EXCERPTED DATA START

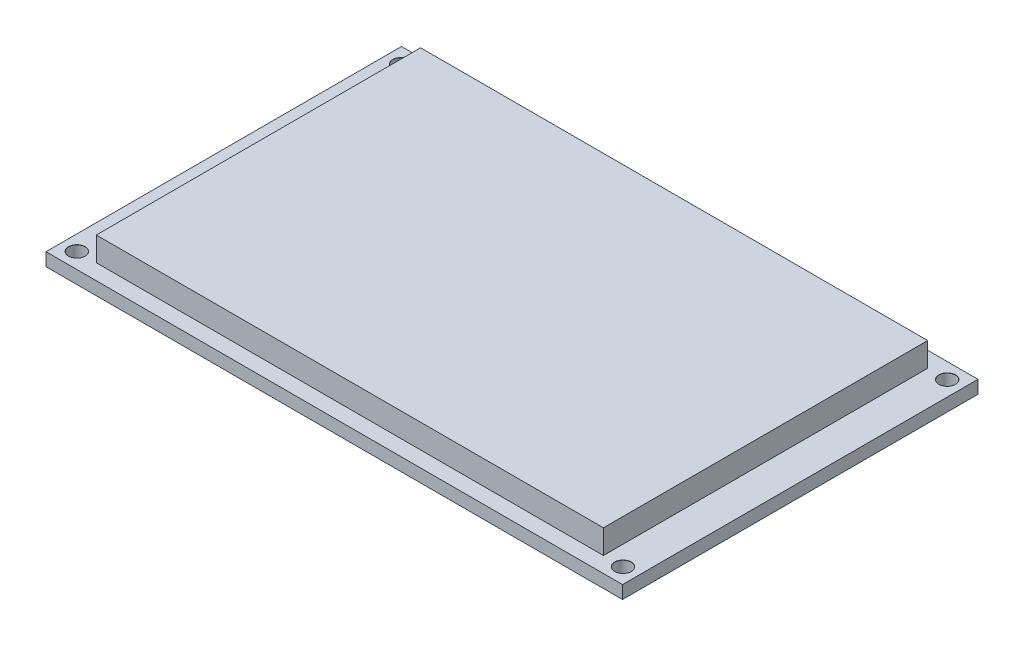
ISO-10303-21;
HEADER;
FILE_DESCRIPTION(('STEP AP214'),'2;1');
FILE_NAME('part.step','',(''),(''),'','','');
FILE_SCHEMA(('AUTOMOTIVE_DESIGN { 1 0 10303 214 1 1 1 1 }'));
ENDSEC;
DATA;
#1=APPLICATION_CONTEXT('core data for automotive mechanical design processes');
#2=APPLICATION_PROTOCOL_DEFINITION('international standard','automotive_design',2000,#1);
#3=PRODUCT_CONTEXT('',#1,'mechanical');
#4=PRODUCT('Part','Part','',(#3));
#5=PRODUCT_RELATED_PRODUCT_CATEGORY('part','',(#4));
#6=PRODUCT_DEFINITION_FORMATION('','',#4);
#7=PRODUCT_DEFINITION_CONTEXT('part definition',#1,'design');
#8=PRODUCT_DEFINITION('design','',#6,#7);
#9=PRODUCT_DEFINITION_SHAPE('','',#8);
#10=(LENGTH_UNIT() NAMED_UNIT(*) SI_UNIT(.MILLI.,.METRE.));
#11=(NAMED_UNIT(*) PLANE_ANGLE_UNIT() SI_UNIT($,.RADIAN.));
#12=(NAMED_UNIT(*) SI_UNIT($,.STERADIAN.) SOLID_ANGLE_UNIT());
#13=UNCERTAINTY_MEASURE_WITH_UNIT(LENGTH_MEASURE(1.E-05),#10,'distance_accuracy_value','');
#14=(GEOMETRIC_REPRESENTATION_CONTEXT(3) GLOBAL_UNCERTAINTY_ASSIGNED_CONTEXT((#13)) GLOBAL_UNIT_ASSIGNED_CONTEXT((#10,
#11,#12)) REPRESENTATION_CONTEXT('',''));
#15=CARTESIAN_POINT('',(0.,0.,0.));
#16=DIRECTION('',(0.,0.,1.));
#17=DIRECTION('',(1.,0.,0.));
#18=AXIS2_PLACEMENT_3D('',#15,#16,#17);
#19=CARTESIAN_POINT('',(0.,2.7,0.));
#20=DIRECTION('',(0.,-1.,0.));
#21=DIRECTION('',(0.,0.,-1.));
#22=AXIS2_PLACEMENT_3D('',#19,#20,#21);
#23=PLANE('',#22);
#24=CARTESIAN_POINT('',(-56.845,2.7,-33.735));
#25=DIRECTION('',(0.,1.,0.));
#26=DIRECTION('',(0.,0.,1.));
#27=AXIS2_PLACEMENT_3D('',#24,#25,#26);
#28=CIRCLE('',#27,1.725);
#29=CARTESIAN_POINT('',(-56.845,2.7,-32.01));
#30=VERTEX_POINT('',#29);
#31=EDGE_CURVE('E345',#30,#30,#28,.T.);
#32=ORIENTED_EDGE('',*,*,#31,.F.);
#33=EDGE_LOOP('',(#32));
#34=FACE_BOUND('',#33,.T.);
#35=CARTESIAN_POINT('',(56.845,2.7,-33.735));
#36=DIRECTION('',(0.,1.,0.));
#37=DIRECTION('',(0.,0.,1.));
#38=AXIS2_PLACEMENT_3D('',#35,#36,#37);
#39=CIRCLE('',#38,1.725);
#40=CARTESIAN_POINT('',(56.845,2.7,-32.01));
#41=VERTEX_POINT('',#40);
#42=EDGE_CURVE('E352',#41,#41,#39,.T.);
#43=ORIENTED_EDGE('',*,*,#42,.F.);
#44=EDGE_LOOP('',(#43));
#45=FACE_BOUND('',#44,.T.);
#46=CARTESIAN_POINT('',(56.845,2.7,33.735));
#47=DIRECTION('',(0.,1.,0.));
#48=DIRECTION('',(0.,0.,1.));
#49=AXIS2_PLACEMENT_3D('',#46,#47,#48);
#50=CIRCLE('',#49,1.725);
#51=CARTESIAN_POINT('',(56.845,2.7,35.46));
#52=VERTEX_POINT('',#51);
#53=EDGE_CURVE('E361',#52,#52,#50,.T.);
#54=ORIENTED_EDGE('',*,*,#53,.F.);
#55=EDGE_LOOP('',(#54));
#56=FACE_BOUND('',#55,.T.);
#57=CARTESIAN_POINT('',(-56.845,2.7,33.735));
#58=DIRECTION('',(0.,1.,0.));
#59=DIRECTION('',(0.,0.,1.));
#60=AXIS2_PLACEMENT_3D('',#57,#58,#59);
#61=CIRCLE('',#60,1.725);
#62=CARTESIAN_POINT('',(-56.845,2.7,35.46));
#63=VERTEX_POINT('',#62);
#64=EDGE_CURVE('E370',#63,#63,#61,.T.);
#65=ORIENTED_EDGE('',*,*,#64,.F.);
#66=EDGE_LOOP('',(#65));
#67=FACE_BOUND('',#66,.T.);
#68=DIRECTION('',(0.,0.,-1.));
#69=VECTOR('',#68,1.);
#70=CARTESIAN_POINT('',(60.,2.7,37.));
#71=LINE('',#70,#69);
#72=CARTESIAN_POINT('',(60.,2.7,37.));
#73=VERTEX_POINT('',#72);
#74=CARTESIAN_POINT('',(60.,2.7,-37.));
#75=VERTEX_POINT('',#74);
#76=EDGE_CURVE('E126',#73,#75,#71,.T.);
#77=ORIENTED_EDGE('',*,*,#76,.T.);
#78=DIRECTION('',(-1.,0.,0.));
#79=VECTOR('',#78,1.);
#80=CARTESIAN_POINT('',(-60.,2.7,-37.));
#81=LINE('',#80,#79);
#82=CARTESIAN_POINT('',(-60.,2.7,-37.));
#83=VERTEX_POINT('',#82);
#84=EDGE_CURVE('E129',#75,#83,#81,.T.);
#85=ORIENTED_EDGE('',*,*,#84,.T.);
#86=DIRECTION('',(0.,0.,1.));
#87=VECTOR('',#86,1.);
#88=CARTESIAN_POINT('',(-60.,2.7,37.));
#89=LINE('',#88,#87);
#90=CARTESIAN_POINT('',(-60.,2.7,37.));
#91=VERTEX_POINT('',#90);
#92=EDGE_CURVE('E132',#83,#91,#89,.T.);
#93=ORIENTED_EDGE('',*,*,#92,.T.);
#94=DIRECTION('',(1.,0.,0.));
#95=VECTOR('',#94,1.);
#96=CARTESIAN_POINT('',(-60.,2.7,37.));
#97=LINE('',#96,#95);
#98=EDGE_CURVE('E134',#91,#73,#97,.T.);
#99=ORIENTED_EDGE('',*,*,#98,.T.);
#100=EDGE_LOOP('',(#77,#85,#93,#99));
#101=FACE_BOUND('',#100,.T.);
#102=DIRECTION('',(0.,0.,-1.));
#103=VECTOR('',#102,1.);
#104=CARTESIAN_POINT('',(52.78,2.7,33.75));
#105=LINE('',#104,#103);
#106=CARTESIAN_POINT('',(52.78,2.7,33.75));
#107=VERTEX_POINT('',#106);
#108=CARTESIAN_POINT('',(52.78,2.7,-33.75));
#109=VERTEX_POINT('',#108);
#110=EDGE_CURVE('E47',#107,#109,#105,.T.);
#111=ORIENTED_EDGE('',*,*,#110,.F.);
#112=DIRECTION('',(1.,0.,0.));
#113=VECTOR('',#112,1.);
#114=CARTESIAN_POINT('',(-52.78,2.7,33.75));
#115=LINE('',#114,#113);
#116=CARTESIAN_POINT('',(-52.78,2.7,33.75));
#117=VERTEX_POINT('',#116);
#118=EDGE_CURVE('E51',#117,#107,#115,.T.);
#119=ORIENTED_EDGE('',*,*,#118,.F.);
#120=DIRECTION('',(0.,0.,1.));
#121=VECTOR('',#120,1.);
#122=CARTESIAN_POINT('',(-52.78,2.7,33.75));
#123=LINE('',#122,#121);
#124=CARTESIAN_POINT('',(-52.78,2.7,-33.75));
#125=VERTEX_POINT('',#124);
#126=EDGE_CURVE('E385',#125,#117,#123,.T.);
#127=ORIENTED_EDGE('',*,*,#126,.F.);
#128=DIRECTION('',(-1.,0.,0.));
#129=VECTOR('',#128,1.);
#130=CARTESIAN_POINT('',(-52.78,2.7,-33.75));
#131=LINE('',#130,#129);
#132=EDGE_CURVE('E383',#109,#125,#131,.T.);
#133=ORIENTED_EDGE('',*,*,#132,.F.);
#134=EDGE_LOOP('',(#111,#119,#127,#133));
#135=FACE_BOUND('',#134,.T.);
#136=ADVANCED_FACE('F32',(#34,#45,#56,#67,#101,#135),#23,.F.);
#137=CARTESIAN_POINT('',(60.,2.7,37.));
#138=DIRECTION('',(-1.,0.,0.));
#139=DIRECTION('',(0.,0.,1.));
#140=AXIS2_PLACEMENT_3D('',#137,#138,#139);
#141=PLANE('',#140);
#142=DIRECTION('',(0.,0.,-1.));
#143=VECTOR('',#142,1.);
#144=CARTESIAN_POINT('',(60.,0.,37.));
#145=LINE('',#144,#143);
#146=CARTESIAN_POINT('',(60.,0.,37.));
#147=VERTEX_POINT('',#146);
#148=CARTESIAN_POINT('',(60.,0.,-37.));
#149=VERTEX_POINT('',#148);
#150=EDGE_CURVE('E117',#147,#149,#145,.T.);
#151=ORIENTED_EDGE('',*,*,#150,.T.);
#152=DIRECTION('',(0.,-1.,0.));
#153=VECTOR('',#152,1.);
#154=CARTESIAN_POINT('',(60.,2.7,-37.));
#155=LINE('',#154,#153);
#156=EDGE_CURVE('E11',#75,#149,#155,.T.);
#157=ORIENTED_EDGE('',*,*,#156,.F.);
#158=ORIENTED_EDGE('',*,*,#76,.F.);
#159=DIRECTION('',(0.,-1.,0.));
#160=VECTOR('',#159,1.);
#161=CARTESIAN_POINT('',(60.,2.7,37.));
#162=LINE('',#161,#160);
#163=EDGE_CURVE('E135',#73,#147,#162,.T.);
#164=ORIENTED_EDGE('',*,*,#163,.T.);
#165=EDGE_LOOP('',(#151,#157,#158,#164));
#166=FACE_BOUND('',#165,.T.);
#167=ADVANCED_FACE('F34',(#166),#141,.F.);
#168=CARTESIAN_POINT('',(-60.,2.7,-37.));
#169=DIRECTION('',(0.,0.,1.));
#170=DIRECTION('',(1.,0.,0.));
#171=AXIS2_PLACEMENT_3D('',#168,#169,#170);
#172=PLANE('',#171);
#173=DIRECTION('',(-1.,0.,0.));
#174=VECTOR('',#173,1.);
#175=CARTESIAN_POINT('',(-60.,0.,-37.));
#176=LINE('',#175,#174);
#177=CARTESIAN_POINT('',(-60.,0.,-37.));
#178=VERTEX_POINT('',#177);
#179=EDGE_CURVE('E120',#149,#178,#176,.T.);
#180=ORIENTED_EDGE('',*,*,#179,.T.);
#181=DIRECTION('',(0.,-1.,0.));
#182=VECTOR('',#181,1.);
#183=CARTESIAN_POINT('',(-60.,2.7,-37.));
#184=LINE('',#183,#182);
#185=EDGE_CURVE('E40',#83,#178,#184,.T.);
#186=ORIENTED_EDGE('',*,*,#185,.F.);
#187=ORIENTED_EDGE('',*,*,#84,.F.);
#188=ORIENTED_EDGE('',*,*,#156,.T.);
#189=EDGE_LOOP('',(#180,#186,#187,#188));
#190=FACE_BOUND('',#189,.T.);
#191=ADVANCED_FACE('F165',(#190),#172,.F.);
#192=CARTESIAN_POINT('',(-60.,2.7,37.));
#193=DIRECTION('',(1.,0.,0.));
#194=DIRECTION('',(0.,0.,-1.));
#195=AXIS2_PLACEMENT_3D('',#192,#193,#194);
#196=PLANE('',#195);
#197=DIRECTION('',(0.,0.,1.));
#198=VECTOR('',#197,1.);
#199=CARTESIAN_POINT('',(-60.,0.,37.));
#200=LINE('',#199,#198);
#201=CARTESIAN_POINT('',(-60.,0.,37.));
#202=VERTEX_POINT('',#201);
#203=EDGE_CURVE('E138',#178,#202,#200,.T.);
#204=ORIENTED_EDGE('',*,*,#203,.T.);
#205=DIRECTION('',(0.,-1.,0.));
#206=VECTOR('',#205,1.);
#207=CARTESIAN_POINT('',(-60.,2.7,37.));
#208=LINE('',#207,#206);
#209=EDGE_CURVE('E143',#91,#202,#208,.T.);
#210=ORIENTED_EDGE('',*,*,#209,.F.);
#211=ORIENTED_EDGE('',*,*,#92,.F.);
#212=ORIENTED_EDGE('',*,*,#185,.T.);
#213=EDGE_LOOP('',(#204,#210,#211,#212));
#214=FACE_BOUND('',#213,.T.);
#215=ADVANCED_FACE('F150',(#214),#196,.F.);
#216=CARTESIAN_POINT('',(-60.,2.7,37.));
#217=DIRECTION('',(0.,0.,-1.));
#218=DIRECTION('',(-1.,0.,0.));
#219=AXIS2_PLACEMENT_3D('',#216,#217,#218);
#220=PLANE('',#219);
#221=DIRECTION('',(1.,0.,0.));
#222=VECTOR('',#221,1.);
#223=CARTESIAN_POINT('',(-60.,0.,37.));
#224=LINE('',#223,#222);
#225=EDGE_CURVE('E130',#202,#147,#224,.T.);
#226=ORIENTED_EDGE('',*,*,#225,.T.);
#227=ORIENTED_EDGE('',*,*,#163,.F.);
#228=ORIENTED_EDGE('',*,*,#98,.F.);
#229=ORIENTED_EDGE('',*,*,#209,.T.);
#230=EDGE_LOOP('',(#226,#227,#228,#229));
#231=FACE_BOUND('',#230,.T.);
#232=ADVANCED_FACE('F159',(#231),#220,.F.);
#233=CARTESIAN_POINT('',(0.,0.,0.));
#234=DIRECTION('',(0.,-1.,0.));
#235=DIRECTION('',(0.,0.,-1.));
#236=AXIS2_PLACEMENT_3D('',#233,#234,#235);
#237=PLANE('',#236);
#238=CARTESIAN_POINT('',(-56.845,0.,-33.735));
#239=DIRECTION('',(0.,1.,0.));
#240=DIRECTION('',(0.,0.,1.));
#241=AXIS2_PLACEMENT_3D('',#238,#239,#240);
#242=CIRCLE('',#241,1.7);
#243=CARTESIAN_POINT('',(-56.845,0.,-32.035));
#244=VERTEX_POINT('',#243);
#245=EDGE_CURVE('E347',#244,#244,#242,.T.);
#246=ORIENTED_EDGE('',*,*,#245,.T.);
#247=EDGE_LOOP('',(#246));
#248=FACE_BOUND('',#247,.T.);
#249=CARTESIAN_POINT('',(56.845,0.,-33.735));
#250=DIRECTION('',(0.,1.,0.));
#251=DIRECTION('',(0.,0.,1.));
#252=AXIS2_PLACEMENT_3D('',#249,#250,#251);
#253=CIRCLE('',#252,1.7);
#254=CARTESIAN_POINT('',(56.845,0.,-32.035));
#255=VERTEX_POINT('',#254);
#256=EDGE_CURVE('E358',#255,#255,#253,.T.);
#257=ORIENTED_EDGE('',*,*,#256,.T.);
#258=EDGE_LOOP('',(#257));
#259=FACE_BOUND('',#258,.T.);
#260=CARTESIAN_POINT('',(56.845,0.,33.735));
#261=DIRECTION('',(0.,1.,0.));
#262=DIRECTION('',(0.,0.,1.));
#263=AXIS2_PLACEMENT_3D('',#260,#261,#262);
#264=CIRCLE('',#263,1.7);
#265=CARTESIAN_POINT('',(56.845,0.,35.435));
#266=VERTEX_POINT('',#265);
#267=EDGE_CURVE('E367',#266,#266,#264,.T.);
#268=ORIENTED_EDGE('',*,*,#267,.T.);
#269=EDGE_LOOP('',(#268));
#270=FACE_BOUND('',#269,.T.);
#271=CARTESIAN_POINT('',(-56.845,0.,33.735));
#272=DIRECTION('',(0.,1.,0.));
#273=DIRECTION('',(0.,0.,1.));
#274=AXIS2_PLACEMENT_3D('',#271,#272,#273);
#275=CIRCLE('',#274,1.7);
#276=CARTESIAN_POINT('',(-56.845,0.,35.435));
#277=VERTEX_POINT('',#276);
#278=EDGE_CURVE('E376',#277,#277,#275,.T.);
#279=ORIENTED_EDGE('',*,*,#278,.T.);
#280=EDGE_LOOP('',(#279));
#281=FACE_BOUND('',#280,.T.);
#282=ORIENTED_EDGE('',*,*,#150,.F.);
#283=ORIENTED_EDGE('',*,*,#225,.F.);
#284=ORIENTED_EDGE('',*,*,#203,.F.);
#285=ORIENTED_EDGE('',*,*,#179,.F.);
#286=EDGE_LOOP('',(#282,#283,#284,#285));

EXCERPTED DATA END

Start with the line above that contains "#190=FACE_BOUND('',#189,.T.);" and stop after the line that contains "#215=ADVANCED_FACE('F150',(#214),#196,.F.);". Output those lines exactly, and only those.

#190=FACE_BOUND('',#189,.T.);
#191=ADVANCED_FACE('F165',(#190),#172,.F.);
#192=CARTESIAN_POINT('',(-60.,2.7,37.));
#193=DIRECTION('',(1.,0.,0.));
#194=DIRECTION('',(0.,0.,-1.));
#195=AXIS2_PLACEMENT_3D('',#192,#193,#194);
#196=PLANE('',#195);
#197=DIRECTION('',(0.,0.,1.));
#198=VECTOR('',#197,1.);
#199=CARTESIAN_POINT('',(-60.,0.,37.));
#200=LINE('',#199,#198);
#201=CARTESIAN_POINT('',(-60.,0.,37.));
#202=VERTEX_POINT('',#201);
#203=EDGE_CURVE('E138',#178,#202,#200,.T.);
#204=ORIENTED_EDGE('',*,*,#203,.T.);
#205=DIRECTION('',(0.,-1.,0.));
#206=VECTOR('',#205,1.);
#207=CARTESIAN_POINT('',(-60.,2.7,37.));
#208=LINE('',#207,#206);
#209=EDGE_CURVE('E143',#91,#202,#208,.T.);
#210=ORIENTED_EDGE('',*,*,#209,.F.);
#211=ORIENTED_EDGE('',*,*,#92,.F.);
#212=ORIENTED_EDGE('',*,*,#185,.T.);
#213=EDGE_LOOP('',(#204,#210,#211,#212));
#214=FACE_BOUND('',#213,.T.);
#215=ADVANCED_FACE('F150',(#214),#196,.F.);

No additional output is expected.